Quote: As you know, when ammonia is broken down, it becomes nitrite. It isn't a straight 1ppm of ammonia becomes 1ppm of nitrite though. Actually, 1ppm of ammonia becomes approximately 2.7ppm of nitrite so when you add 5ppm of ammonia, you are in essence adding 13.5ppm of nitrite.

So after you have added 5ppm of ammonia for 10 day, you have actually added 50ppm of ammonia but 135ppm of nitrite. That is a huge amount for the bacteria to break down. Some times, it's good to do a big water change and reduce that number back to near 0 so it can speed the process.

Also you might like to look at this link below? It dose refer to the fishincycle but dose mention it can benefit fishless cycles

My link
 
to be honest, a water change will probably dilute your nitrites down today but tomorrow they will be off the scale again

Oh I see & thanks for your reply Ryefish.
As you have no doubt noticed I am new to kepping fish,cycling etc and was just wondering if there was a way of shortening the cycle anyway possible.

Clint.
 
As dorsey, I use hot water straight from the tap, never had a problem, dont forget to dechlorinate it. And yes, it can in some cases to be beneficial to do a water change in a fishless cycle, as you know with very high nitrItes or if you have a ph crash, it wont effect the cycle, so long as you remember to re-dose the ammonia to the amount you need to keep it at 5ppm (or whatever ppm you are dosing to).
 
As dorsey, I use hot water straight from the tap, never had a problem, dont forget to dechlorinate it. And yes, it can in some cases to be beneficial to do a water change in a fishless cycle, as you know with very high nitrItes or if you have a ph crash, it wont effect the cycle, so long as you remember to re-dose the ammonia to the amount you need to keep it at 5ppm (or whatever ppm you are dosing to).

Thanks minxfishy :good:

Looks like I have stired up a good discussion here then!

Clint.

Ps. I wont forget to dechlorinate it :hyper:
 
If you are only 10 days in, you haven't been adding 5ppm every day have you? Since it will probably only have processed the original 5 by now. And having ammonia at a level much higher will slow things down. Since you'll have the wrong bacteria forming. I've not heard or read anything about nitrite levels slowing things down. Not til towards the end where you are just clearing the backlog so it only has to cope with what is being produced.
 
If you are only 10 days in, you haven't been adding 5ppm every day have you? Since it will probably only have processed the original 5 by now. And having ammonia at a level much higher will slow things down. Since you'll have the wrong bacteria forming. I've not heard or read anything about nitrite levels slowing things down. Not til towards the end where you are just clearing the backlog so it only has to cope with what is being produced.

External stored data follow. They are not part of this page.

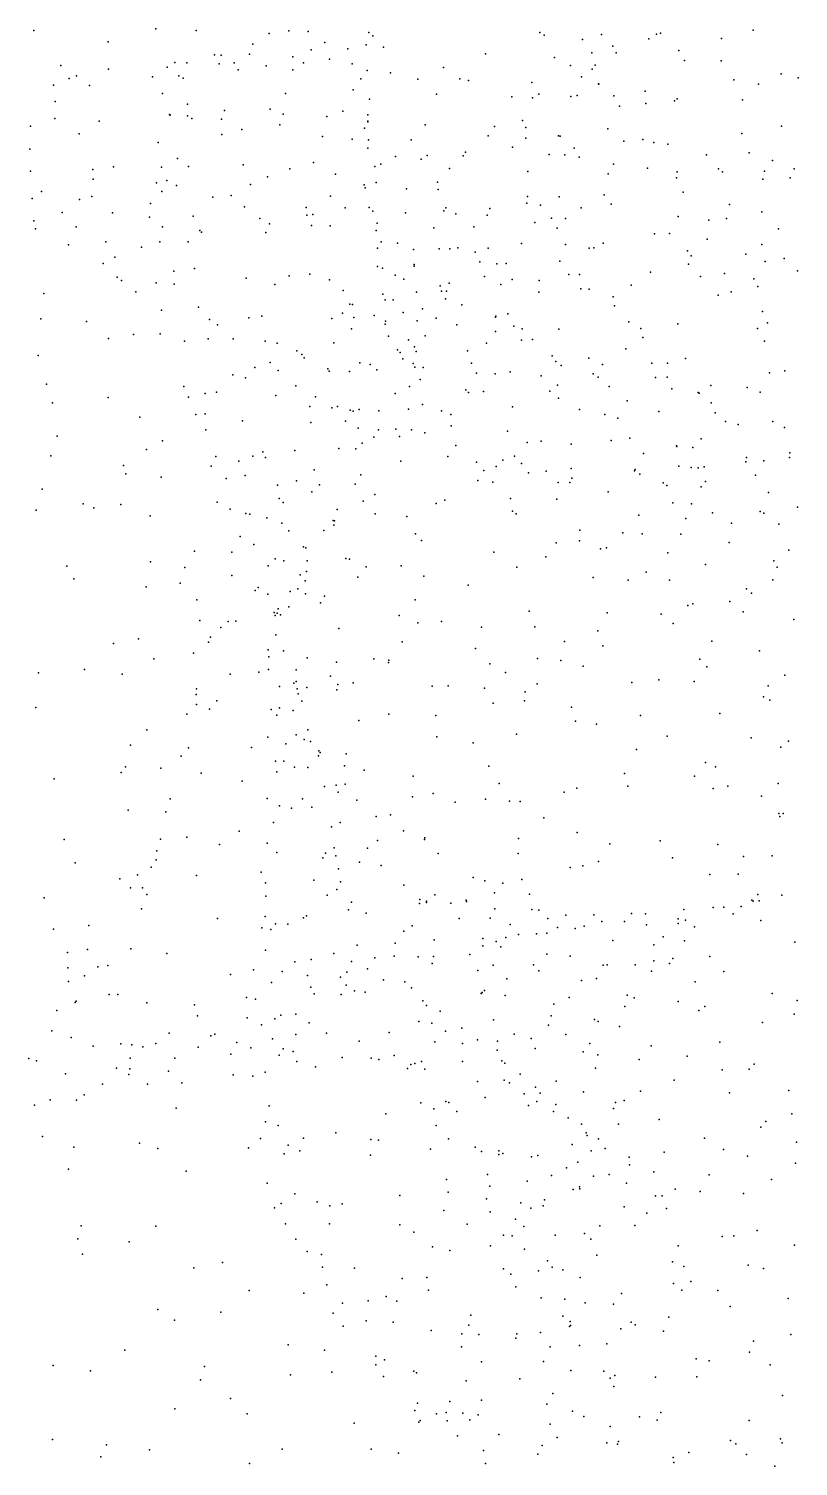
# Model space of a CAD drawing. Header units: metres. Extents: x -24.3 to 24.3, y -27.7 to 27.7.
# Drawn here: x -4.721 to -3.338, y -5.155 to -2.574 of the extents above; entities that cross this region are included whole.
import ezdxf

# ---------------------------------------------------------------- set-up
doc = ezdxf.new("R2010")
doc.units = ezdxf.units.M

msp = doc.modelspace()

# ---------------------------------------------------------------- linework, layer by layer
for p in [(-4.7121, -2.5776, 25.8166), (-4.4931, -2.5742, -25.7007), (-4.4206, -2.5775, -2.296), (-4.254, -2.5782, -2.651), (-4.2191, -2.5794, 26.7284), (-4.1102, -2.5808, 23.9236), (-3.803, -2.5809, -1.4596), (-3.4195, -2.577, -5.3569), (-4.5784, -2.5976, -3.9073), (-4.3185, -2.602, -4.1006), (-4.2892, -2.5825, 26.428), (-4.1889, -2.5989, -2.8217), (-4.1146, -2.6028, -3.5713), (-4.1029, -2.5872, -3.0884), (-3.7951, -2.5855, -9.9155), (-3.7263, -2.5938, -5.4251), (-3.6923, -2.5847, -1.4887), (-3.6714, -2.6055, -6.0243), (-3.607, -2.5926, 0.8692), (-3.5935, -2.5842, -5.1007), (-3.5863, -2.5824, 27.1902), (-3.4765, -2.5917, 23.9228), (-4.3873, -2.6208, -19.0788), (-4.3755, -2.6215, -2.4606), (-4.3244, -2.62, -2.5668), (-4.2464, -2.6249, -2.7401), (-4.2136, -2.612, -4.2253), (-4.1805, -2.6291, -1.5658), (-4.1477, -2.6101, -2.9267), (-4.0839, -2.6072, -4.5575), (-3.9002, -2.6195, -9.934), (-3.7766, -2.6259, -5.0798), (-3.7095, -2.6176, 23.927), (-3.6658, -2.6172, -4.8704), (-3.553, -2.6132, -9.8391), (-3.543, -2.631, -6.2548), (-3.4771, -2.6316, -5.2401), (-4.6636, -2.6401, 24.2634), (-4.5778, -2.6468, 25.9032), (-4.4725, -2.643, -2.2279), (-4.4587, -2.6349, -1.9689), (-4.4374, -2.6353, -3.9899), (-4.3791, -2.6374, -1.7854), (-4.3522, -2.6357, 26.1955), (-4.3449, -2.6477, -10.0304), (-4.2947, -2.6409, -1.68), (-4.2467, -2.6478, 0.3494), (-4.2276, -2.6354, 23.9519), (-4.1399, -2.6371, -9.9915), (-4.1132, -2.6493, -3.1681), (-4.0711, -2.6536, -3.889), (-3.9759, -2.644, 23.9246), (-3.748, -2.64, -5.2712), (-3.7089, -2.6468, -5.7681), (-3.7032, -2.6393, -9.8532), (-3.3692, -2.6552, 1.0987), (-4.6768, -2.6753, 25.6934), (-4.6483, -2.6635, -3.8687), (-4.6355, -2.6589, -19.9511), (-4.612, -2.676, -25.2608), (-4.4989, -2.6608, -10.0369), (-4.4516, -2.659, -19.458), (-4.4438, -2.6631, 26.0091), (-4.138, -2.6836, -18.7586), (-4.1246, -2.6642, -4.4146), (-4.0219, -2.6648, -4.0153), (-3.9464, -2.6639, -4.1308), (-3.9311, -2.6669, -4.9186), (-3.8171, -2.6709, -4.3214), (-3.7282, -2.6604, -5.5677), (-3.6977, -2.6733, -5.9357), (-3.6967, -2.6735, -4.5127), (-3.454, -2.6662, -6.359), (-3.4099, -2.6739, -9.865), (-3.3385, -2.6626, -1.5351), (-4.6735, -2.7047, -10.021), (-4.4809, -2.6905, -2.0989), (-4.4358, -2.7094, -1.8253), (-4.2598, -2.6904, -10.002), (-4.1087, -2.7007, -3.0711), (-3.9887, -2.6917, -4.8119), (-3.853, -2.6966, -5.0117), (-3.8161, -2.6983, -9.8589), (-3.8048, -2.6915, 27.0689), (-3.7474, -2.6959, -5.4425), (-3.7359, -2.6938, -4.3827), (-3.67, -2.6945, 27.1236), (-3.6138, -2.6862, -9.8044), (-3.6125, -2.7087, -6.0803), (-3.561, -2.7036, -6.1819), (-3.5563, -2.7003, 23.9257), (-3.439, -2.702, -1.4736), (-4.6742, -2.7351, 25.5756), (-4.4681, -2.728, 24.1087), (-4.467, -2.7296, -2.3021), (-4.436, -2.7305, 25.9034), (-4.428, -2.7353, -24.6261), (-4.3694, -2.7208, 24.0375), (-4.2873, -2.7186, -24.1774), (-4.2643, -2.7274, -1.6003), (-4.1858, -2.7318, 26.4853), (-4.1571, -2.722, -1.5144), (-4.1117, -2.7288, -3.2762), (-3.6597, -2.7133, -4.6361), (-4.7183, -2.749, 25.3927), (-4.5947, -2.7403, 25.7508), (-4.375, -2.7365, -2.5373), (-4.3384, -2.7554, -9.9751), (-4.2699, -2.7467, 26.0308), (-4.118, -2.7529, -19.0481), (-4.112, -2.7401, -3.6785), (-4.1118, -2.7414, -3.5094), (-4.0087, -2.7467, 24.1813), (-3.8841, -2.7498, 0.5521), (-3.8337, -2.7387, 23.9355), (-3.8283, -2.7517, -5.1628), (-3.6809, -2.7541, 23.9368), (-3.3686, -2.749, -18.3677), (-4.6305, -2.763, 24.3169), (-4.4887, -2.7782, -3.9262), (-4.374, -2.7638, -1.7212), (-4.1936, -2.7678, 26.3058), (-4.1402, -2.7725, -4.276), (-4.1107, -2.7736, -3.3671), (-4.034, -2.7739, -1.4393), (-3.8955, -2.7665, -9.8476), (-3.8517, -2.7869, -1.3757), (-3.8278, -2.7708, -18.651), (-3.7693, -2.7662, -9.8033), (-3.7664, -2.7673, -4.3001), (-3.6517, -2.7761, -4.3938), (-3.6175, -2.7728, -4.5192), (-3.5983, -2.7782, -4.8623), (-3.5726, -2.7817, -1.3896), (-3.44, -2.7623, -6.3234), (-4.7194, -2.7904, -9.9938), (-4.4538, -2.807, 25.7763), (-4.1121, -2.7888, 26.6261), (-4.0621, -2.8034, -3.9443), (-4.0161, -2.8082, -23.1789), (-4.0053, -2.8017, 26.8172), (-3.9408, -2.8024, -4.8536), (-3.9362, -2.7958, -4.1167), (-3.7862, -2.8, -5.3633), (-3.7577, -2.8008, -5.6297), (-3.7412, -2.7886, -5.7905), (-3.7319, -2.8049, 27.0231), (-3.5035, -2.8005, -5.0709), (-3.4266, -2.7972, 27.1061), (-3.3848, -2.8109, -9.8484), (-4.7179, -2.83, 24.6656), (-4.606, -2.827, 25.5421), (-4.5691, -2.8223, -3.8648), (-4.4828, -2.8229, -2.2156), (-4.4341, -2.8218, -2.422), (-4.3357, -2.8186, 24.0994), (-4.2523, -2.8257, -23.7635), (-4.2097, -2.8144, -9.9202), (-4.17, -2.8354, 26.1851), (-4.0994, -2.8218, -3.1051), (-4.0884, -2.8171, -3.8022), (-3.9653, -2.825, -4.7167), (-3.8242, -2.8307, 26.945), (-3.6798, -2.835, -5.97), (-3.6706, -2.8175, 0.7403), (-3.6092, -2.8247, 27.0665), (-3.5559, -2.8311, -6.1239), (-3.4821, -2.826, -9.7969), (-3.4749, -2.831, 24.0259), (-3.3992, -2.83, -5.1878), (-3.3456, -2.8259, 23.9273), (-4.6055, -2.8441, -9.9618), (-4.4915, -2.851, -2.0581), (-4.4733, -2.8467, -2.3208), (-4.4558, -2.8557, -1.8255), (-4.3225, -2.8541, -2.7238), (-4.2919, -2.8399, -1.5866), (-4.1186, -2.8545, 26.4524), (-4.1166, -2.8597, -19.651), (-4.0968, -2.85, -9.8618), (-4.0425, -2.8615, -4.4054), (-3.987, -2.8498, -4.0289), (-3.9857, -2.8627, -4.6246), (-3.557, -2.8422, -4.642), (-3.4021, -2.8443, -21.8044), (-3.3533, -2.842, -6.3465), (-4.715, -2.8788, -0.0234), (-4.698, -2.8663, 25.1095), (-4.6298, -2.8811, 25.3163), (-4.6077, -2.8754, 24.4387), (-4.5023, -2.8879, -24.3009), (-4.4823, -2.8664, -9.9299), (-4.3904, -2.8768, -2.5603), (-4.3575, -2.8734, -4.0084), (-4.1789, -2.8746, -2.9563), (-3.8265, -2.8871, -5.4116), (-3.8253, -2.8757, -22.5599), (-3.8015, -2.8907, -9.7429), (-3.7682, -2.8763, -5.7268), (-3.6872, -2.8726, -4.2976), (-3.6744, -2.8892, -1.3441), (-3.5453, -2.8677, -4.4443), (-3.4623, -2.8897, -4.9956), (-4.6613, -2.9044, 24.9177), (-4.5706, -2.9047, 25.4405), (-4.5041, -2.9128, -3.9009), (-4.4257, -2.9108, -2.4728), (-4.3337, -2.8939, -20.6127), (-4.3057, -2.9147, -9.8828), (-4.2226, -2.8952, -4.1164), (-4.2217, -2.9092, 24.118), (-4.211, -2.9075, 25.8468), (-4.1525, -2.896, -20.2483), (-4.1097, -2.895, 26.0304), (-4.1032, -2.9019, -3.4909), (-4.0443, -2.9048, 0.4033), (-3.9754, -2.9011, -9.7903), (-3.972, -2.8956, -4.7866), (-3.9536, -2.9067, -4.9372), (-3.8972, -2.909, 26.8251), (-3.8924, -2.8968, -4.0856), (-3.7819, -2.9144, 24.0869), (-3.7569, -2.9147, -4.2025), (-3.7288, -2.8958, 23.9884), (-3.5541, -2.9115, -9.6993), (-3.4674, -2.9147, -4.8984), (-3.4039, -2.9031, -1.3696), (-4.7121, -2.9192, -21.014), (-4.7088, -2.9334, -9.9351), (-4.6359, -2.9298, 24.7331), (-4.4807, -2.9297, -1.9297), (-4.4137, -2.9362, -1.7753), (-4.4107, -2.9394, -9.8871), (-4.2953, -2.9401, -2.7882), (-4.2887, -2.9244, 25.7528), (-4.2131, -2.9274, -1.5127), (-4.1797, -2.9283, -4.2174), (-4.097, -2.9363, -3.0792), (-4.0951, -2.9232, -3.2621), (-3.9933, -2.9316, 24.0649), (-3.9213, -2.93, -5.2087), (-3.812, -2.9219, -5.5121), (-3.772, -2.9324, -5.8465), (-3.597, -2.9422, 23.9855), (-3.5696, -2.942, -1.3163), (-3.4991, -2.9182, -4.5835), (-3.3739, -2.9333, -5.0889), (-4.6499, -2.9624, -3.7969), (-4.5829, -2.9567, 24.575), (-4.5185, -2.9664, -9.8818), (-4.4855, -2.9566, -2.3151), (-4.4345, -2.9568, 24.2987), (-4.088, -2.9566, -3.6876), (-4.0584, -2.9593, 26.2999), (-3.9502, -2.9677, -5.0933), (-3.8355, -2.9601, -1.3544), (-3.757, -2.9616, -19.2873), (-3.7144, -2.9682, -22.0233), (-3.7058, -2.9676, 26.9203), (-3.6892, -2.9594, -5.9725), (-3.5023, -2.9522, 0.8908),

Have you looked at my post lately Chris?

I have been adding 5 ppm a day up untill yesterday where I dropped down to 3 ppm as recommended by someone else!

I am reciving a lot of conflicting replys as you would have seen.

Did you look at the my link as I mentioned?

Clint.
 
have you thought about some mature media from someone?
 
have you thought about some mature media from someone?

Hi ianho,

Yes I have (as stated in my post) & thanks for the advice!

I am having some donated from a five year old tank that is being broken up! I will be collecting in less than a week Fingers crossed.

Clint.
 
I read that link but if you notice in a sentence right near the start, he was talking about fish in cycling, not fishless.

The time to do a waterchange is when you think it's clearing the amount produced during a day, but you aren't seeing zero because of the backlog.